01-06-20 08:50:00,

Michael Levitt is Professor of computer science and structural biology at Stanford Medical School and winner of the 2013 Nobel Prize in chemistry.

He has been a close observer of the pandemic and the response from the outset through its movement to Europe, the U.K., and the U.S.. Last month, speaking to the Unherd podcast and youtube channel, he offered some compelling thoughts and observers, and a striking conclusion.

Q: So you noticed that the curve was less of an exponential curve than we might have feared, in those early days?

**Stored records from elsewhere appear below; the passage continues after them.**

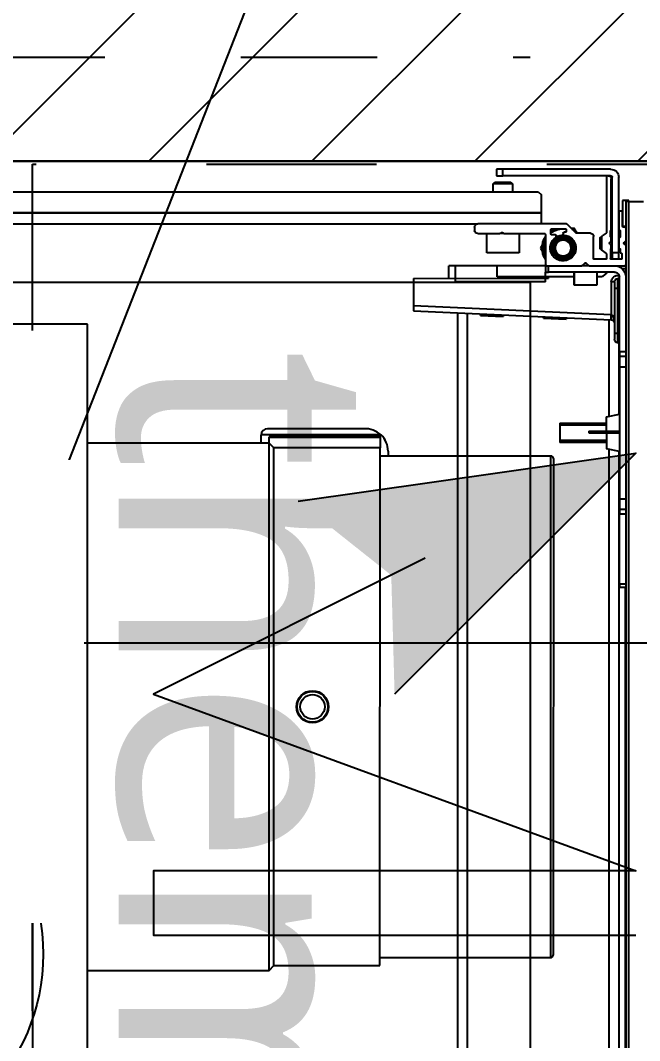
# Model space of a CAD drawing. Header units: centimetres. Extents: x 2191 to 12545, y -680 to 18662.
# Drawn here: x 9896.35 to 9915.61, y 4107.06 to 4138.79 of the extents above; entities that cross this region are included whole.
import ezdxf

# ---------------------------------------------------------------- set-up
doc = ezdxf.new("R2010")
doc.units = ezdxf.units.CM
doc.linetypes.add('prlm_vmc', pattern=[0.282222, 0.141111, -0.141111])
doc.linetypes.add('Style de ligne -1', pattern=[0.41664, 0.20828, -0.20836])
for name, color, linetype in [('B Aménagement intérieur', 252, 'Continuous'), ('B GÈnÈral_Hatch', 252, 'Continuous'), ('B Général', 252, 'Continuous'), ('C ANNOTATIONS-prestations', 252, 'Continuous'), ('MTI900_Alu', 252, 'Continuous'), ('prlm-CHAUFF', 4, 'Continuous')]:
    doc.layers.add(name, color=color, linetype=linetype)
doc.layers.add('prlm-ELEC-CFO', color=1, linetype='Continuous', lineweight=25)
doc.layers.add('prlm-GAZ', color=2, linetype='Continuous', lineweight=25)
doc.styles.add('prlm-chauff', font='trebucbi.ttf', dxfattribs={"height": 18})
doc.styles.add('prlm-elec-cfo', font='comic.ttf', dxfattribs={"height": 12})

# ---------------------------------------------------------------- blocks, each defined once
blk = doc.blocks.new('B 70.200_wc-2')
at = {"layer": 'B Général', "linetype": 'Continuous'}
for p, q in [((-25, -20.1), (-25, 0)), ((-24.9, 0.1), (24.9, 0.1))]:
    blk.add_line(p, q, dxfattribs=at)
blk.add_arc((-24.9, 0), 0.1, 90, 180, dxfattribs=at)
blk = doc.blocks.new('B 70.Groupe-2-1')
at = {"layer": 'B Général', "linetype": 'Style de ligne -1', "ltscale": 25.4, "flags": 128}
blk.add_lwpolyline([(-35.4, 7.6), (35.6, 7.6), (35.6, -32.4), (-35.4, -32.4)], close=True, dxfattribs=at)
at = {"layer": 'B Général', "xscale": -1, "rotation": 270}
blk.add_blockref('B 70.200_wc-2', (35.5, 7.5), dxfattribs=at)
blk = doc.blocks.new('B 70.WC-plan-PMR')
at = {"layer": 'B Général'}
blk.add_blockref('B 70.Groupe-2-1', (0, 0), dxfattribs=at)
blk = doc.blocks.new('B 70.T2 S307 (2D)')
at = {"layer": 'B Général', "xscale": -1}
blk.add_blockref('B 70.WC-plan-PMR', (-257.726, -259.015), dxfattribs=at)
blk = doc.blocks.new('B 70.G 100_80')
at = {"layer": 'B Général', "linetype": 'Continuous', "flags": 128}
blk.add_lwpolyline([(9.5, -45), (9.5, 45), (48.52, 45), (48.52, -45)], close=True, dxfattribs=at)
at = {"layer": 'C ANNOTATIONS-prestations'}
for p, q in [((43.05, 44.75), (42.85, 44.75)), ((42.85, 44.75), (42.85, 44.55)), ((46.4, 44.75), (43.05, 44.75)), ((43.05, 44.55), (43.05, 44.75)), ((42.85, 44.55), (43.05, 44.55)), ((46.4, 44.55), (43.05, 44.55)), ((46.27, 44.52), (46.27, 42.791)), ((46.32, 44.55), (46.3, 44.55)), ((46.42, 42.855), (46.42, 44.45)), ((46.45, 42.15), (46.45, 44.5)), ((46.65, 42.15), (46.65, 44.5)), ((42.75, 44.3), (42.8, 44.35)), ((43.35, 44.3), (42.75, 44.3)), ((42.75, 44.05), (42.75, 44.3)), ((42.8, 44.35), (43.3, 44.35)), ((43.3, 44.35), (43.35, 44.3)), ((43.35, 44.3), (43.35, 44.05)), ((13.65, 44.05), (44.15, 44.05)), ((44.15, 44.05), (44.25, 43.95)), ((44.25, 43.4), (44.25, 43.95)), ((46.97, 43.78), (46.77, 43.78)), ((46.77, 43.78), (46.77, 42.98)), ((46.87, 43.75), (46.87, -43.75)), ((46.97, 43.75), (46.87, 43.75)), ((46.97, 43.75), (46.97, 43.78)), ((46.97, -43.75), (46.97, 43.75)), ((46.97, 43.75), (47.42, 43.75)), ((13.55, 43.4), (44.25, 43.4)), ((44.25, 43.05), (44.25, 43.4)), ((46.65, 43.42), (46.65, 42.885)), ((46.74, 43.45), (46.68, 43.45)), ((46.77, 42.98), (46.77, 43.42)), ((15.5, 43.05), (42.27, 43.05)), ((42.17, 42.95), (42.17, 42.85)), ((45.028, 43.05), (42.27, 43.05)), ((44.566, 42.9), (44.54, 42.854)), ((44.54, 42.74), (44.54, 42.87)), ((44.57, 42.9), (44.99, 42.9)), ((45.02, 42.87), (45.02, 42.82)), ((45.321, 42.769), (45.049, 43.041)), ((45.27, 42.906), (45.184, 42.906)), ((45.328, 42.806), (45.27, 42.906)), ((46.77, 42.98), (46.87, 42.98)), ((46.84, 42.95), (46.8, 42.95)), ((42.27, 42.75), (42.958, 42.75)), ((42.55, 42.15), (42.55, 42.75)), ((43.082, 42.75), (42.958, 42.75)), ((42.979, 42.759), (42.999, 42.779)), ((43.041, 42.779), (43.061, 42.759)), ((43.082, 42.75), (44.34, 42.75)), ((43.55, 42.75), (43.55, 42.15)), ((44.37, 42.72), (44.37, 41.78)), ((44.68, 42.71), (44.57, 42.71)), ((44.71, 42.657), (44.71, 42.68)), ((44.92, 42.76), (44.92, 42.729)), ((44.99, 42.79), (44.95, 42.79)), ((45.77, 42.76), (45.342, 42.76)), ((45.87, 41.98), (45.87, 42.66)), ((46.07, 42.63), (46.09, 42.65)), ((46.07, 42.27), (46.07, 42.63)), ((46.07, 42.607), (46.12, 42.607)), ((46.09, 42.25), (46.09, 42.65)), ((46.09, 42.65), (46.12, 42.65)), ((46.12, 42.654), (46.12, 42.246)), ((46.257, 42.766), (46.133, 42.679)), ((46.371, 42.471), (46.42, 42.521)), ((46.4, 42.653), (46.4, 42.827)), ((46.4, 42.65), (46.45, 42.65)), ((46.4, 42.607), (46.45, 42.607)), ((46.42, 42.521), (46.42, 42.625)), ((46.65, 42.595), (46.65, 42.31)), ((46.661, 42.651), (46.7, 42.69)), ((46.661, 42.618), (46.661, 42.651)), ((46.7, 42.826), (46.7, 42.654)), ((46.821, 42.471), (46.87, 42.521)), ((44.278, 42.4), (44.22, 42.3)), ((44.22, 42.3), (44.278, 42.2)), ((46.07, 42.293), (46.12, 42.293)), ((46.09, 42.25), (46.07, 42.27)), ((46.12, 42.25), (46.09, 42.25)), ((46.133, 42.221), (46.257, 42.134)), ((46.42, 42.379), (46.371, 42.429)), ((46.4, 42.293), (46.45, 42.293)), ((46.4, 42.252), (46.4, 41.98)), ((46.45, 42.25), (46.4, 42.25)), ((46.42, 42.28), (46.42, 42.379)), ((46.661, 42.25), (46.661, 42.287)), ((46.7, 42.21), (46.661, 42.25)), ((46.7, 42.251), (46.7, 42.15)), ((46.87, 42.379), (46.821, 42.429)), ((46.835, 42.414), (46.835, 42.486)), ((43.55, 42.15), (42.55, 42.15)), ((45.114, 41.95), (44.726, 41.95)), ((46.24, 41.95), (45.9, 41.95)), ((46.27, 42.109), (46.27, 41.98)), ((46.72, 41.95), (46.43, 41.95)), ((46.65, 42.15), (46.45, 42.15)), ((46.45, 42.15), (46.45, 41.95)), ((46.65, 41.95), (46.65, 42.15)), ((46.7, 42.15), (46.72, 42.15)), ((46.75, 42.12), (46.75, 41.98)), ((41.57, 41.75), (41.37, 41.75)), ((41.37, 41.354), (41.37, 41.75)), ((42.87, 41.75), (41.57, 41.75)), ((41.57, 41.25), (41.57, 41.75)), ((44.37, 41.75), (42.87, 41.75)), ((42.87, 41.4), (42.87, 41.75)), ((44.4, 41.75), (44.37, 41.75)), ((44.37, 41.75), (44.37, 41.55)), ((44.4, 41.75), (45.508, 41.75)), ((44.47, 41.55), (44.47, 41.75)), ((45.732, 41.75), (45.508, 41.75)), ((45.529, 41.759), (45.599, 41.829)), ((45.641, 41.829), (45.711, 41.759)), ((45.732, 41.75), (46.84, 41.75)), ((46.87, 41.65), (46.765, 41.65)), ((46.87, 41.75), (46.84, 41.75)), ((40.27, 41.351), (44.47, 41.36)), ((40.27, 41.351), (40.27, 40.5)), ((44.37, 41.4), (42.87, 41.4)), ((44.37, 41.4), (44.37, 41.55)), ((44.37, 41.55), (44.47, 41.55)), ((44.37, 41.25), (44.37, 41.4)), ((45.27, 41.4), (44.37, 41.4)), ((46.52, 41.55), (44.47, 41.55)), ((44.47, 41.36), (44.472, 41.4)), ((45.27, 41.15), (45.27, 41.55)), ((45.97, 41.55), (45.97, 41.15)), ((46.067, 41.4), (45.97, 41.4)), ((46.67, 41.35), (46.62, 41.35)), ((46.62, 41.05), (46.62, 41.35)), ((46.67, 39.067), (46.67, 41.4)), ((44.37, 41.25), (41.57, 41.25)), ((45.97, 41.15), (45.27, 41.15)), ((46.42, 41.25), (46.42, 40.221)), ((46.52, 41.25), (46.42, 41.25)), ((46.52, 41.25), (46.52, 41.05)), ((46.52, 41.05), (46.52, 39.65)), ((46.52, 41.05), (46.62, 41.05)), ((46.62, 41.05), (46.67, 41.05)), ((46.62, 39.65), (46.62, 41.05)), ((46.42, 40.221), (40.27, 40.5)), ((40.27, 40.5), (40.27, 40.35)), ((40.27, 40.35), (46.413, 40.071)), ((41.65, 2.775), (41.65, 40.287)), ((41.95, 2.775), (41.95, 40.274)), ((42.354, 40.205), (42.357, 40.255)), ((42.354, 40.205), (43.056, 40.173)), ((43.058, 40.223), (43.056, 40.173)), ((44.316, 40.116), (44.319, 40.166)), ((44.316, 40.116), (45.018, 40.084)), ((45.02, 40.134), (45.018, 40.084)), ((46.35, 37.066), (46.35, 40.074)), ((46.413, 40.071), (46.42, 40.221)), ((46.413, 40.071), (46.425, 40.07)), ((46.425, 40.22), (46.42, 40.221)), ((46.52, 39.65), (46.52, 39.45)), ((46.52, 39.65), (46.62, 39.65)), ((46.67, 39.65), (46.62, 39.65)), ((46.62, 39.35), (46.62, 39.65)), ((46.62, 39.35), (46.67, 39.35)), ((46.65, 39.35), (46.65, 37.126)), ((46.87, 39.067), (46.67, 39.067)), ((46.67, 39.067), (46.67, 38.932)), ((46.67, 38.932), (46.67, 38.6)), ((46.67, 38.932), (46.87, 38.932)), ((46.67, 38.6), (46.67, 34.5)), ((46.67, 38.6), (46.87, 38.6)), ((46.27, 37.05), (46.67, 37.13)), ((44.82, 36.85), (44.82, 36.25)), ((44.82, 36.85), (46.27, 36.85)), ((46.27, 36.6), (46.27, 37.05)), ((46.27, 36.789), (44.82, 36.789)), ((45.725, 36.6), (45.725, 36.55)), ((45.725, 36.6), (45.861, 36.6)), ((45.725, 36.55), (45.861, 36.55)), ((45.861, 36.6), (45.861, 36.55)), ((45.861, 36.6), (46.67, 36.6)), ((45.861, 36.55), (46.67, 36.55)), ((46.27, 36.55), (46.27, 36.05)), ((46.27, 36.311), (44.82, 36.311)), ((46.27, 36.25), (44.82, 36.25)), ((46.67, 35.97), (46.27, 36.05)), ((46.35, 2.6), (46.35, 36.034)), ((46.65, 35.974), (46.65, 2.5)), ((46.67, 34.5), (46.87, 34.5)), ((46.67, 34.5), (46.67, 34.168)), ((46.87, 34.168), (46.67, 34.168)), ((46.67, 34.168), (46.67, 34.033)), ((46.67, 31.85), (46.67, 34.033)), ((46.67, 34.033), (46.87, 34.033)), ((46.67, 31.85), (46.67, 31.75)), ((46.87, 31.85), (46.67, 31.85)), ((46.67, 31.75), (46.87, 31.75)), ((46.85, 31.75), (46.85, 2.433))]:
    blk.add_line(p, q, dxfattribs=at)
at = {"layer": 'C ANNOTATIONS-prestations', "flags": 128}
for points in [[(46.4, 44.75, -0.198912), (46.577, 44.677, -0.198912), (46.65, 44.5)], [(46.27, 44.52, -0.198912), (46.279, 44.541, -0.198912), (46.3, 44.55)], [(46.32, 44.55, -0.198912), (46.391, 44.521, -0.198912), (46.42, 44.45)], [(46.4, 44.55, -0.198912), (46.435, 44.535, -0.198912), (46.45, 44.5)], [(46.65, 43.42, -0.198912), (46.659, 43.441, -0.198912), (46.68, 43.45)], [(46.74, 43.45, -0.198912), (46.761, 43.441, -0.198912), (46.77, 43.42)], [(42.17, 42.95, -0.198912), (42.199, 43.021, -0.198912), (42.27, 43.05)], [(42.27, 42.75, -0.198912), (42.199, 42.779, -0.198912), (42.17, 42.85)], [(44.54, 42.87, -0.198912), (44.549, 42.891, -0.198912), (44.57, 42.9)], [(44.54, 42.764, -0.104675), (44.761, 42.879, -0.104675), (45.009, 42.893)], [(44.54, 42.827, -0.02871), (44.603, 42.867, -0.02871), (44.67, 42.9)], [(44.99, 42.9, -0.198912), (45.011, 42.891, -0.198912), (45.02, 42.87)], [(45.028, 43.05, -0.098491), (45.039, 43.048, -0.098491), (45.049, 43.041)], [(45.207, 42.883, -0.041018), (45.298, 42.829, -0.041018), (45.379, 42.76)], [(46.4, 42.827, -0.155096), (46.406, 42.844, -0.155096), (46.42, 42.855)], [(46.675, 42.855, -0.17724), (46.657, 42.866, -0.17724), (46.65, 42.885)], [(46.675, 42.855, -0.17724), (46.693, 42.845, -0.17724), (46.7, 42.826)], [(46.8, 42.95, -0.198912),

A: In some ways there was never any exponential growth from the minute I looked at it, there were never any two days that had exactly the same growth rate — and they were getting slow…of course you could have non exponential growth where every single day they’re getting more than exponential — but the growth was always sub-exponential. So that’s the first step.

Q: [In the UK] we talk endlessly about the R-rate — the reproduction rate — and apparently that began very high, maybe as high as 3, and … [we’ve now] got it down below 1 in the UK. Intuitively, if there’s a high reproduction rate, you should see that exponential curve just going up and up.

A: Well no, wait, okay. The R-0, which is very popular, is in some ways a faulty number. Let me explain why. The rate of growth doesn’t depend on R-0. It depends on R-0 and the time you are infectious. So if you are twice as long infectious and have half the R-0 you’ll get exactly the same growth rate. This is sort of intuitive, but it’s not explained, and therefore it seems to me that I would say at the present time R-0 became important because of a lot of movies — it was very popular — talked about R-0.

Epidemiologists talk about R-0 but, looking at all the mathematics, you have to specify the time infectious at the same time to have any meaning. The other problem is that R-0 decreases — we don’t know why R-0 decreases. It could be social distancing, it could be prior immunity, it could be hidden cases.

Q: You’ve been observing the shapes of these curves and how the R-0 number tends to come down and the curve tends to flatten in some kind of natural way regardless of intervention.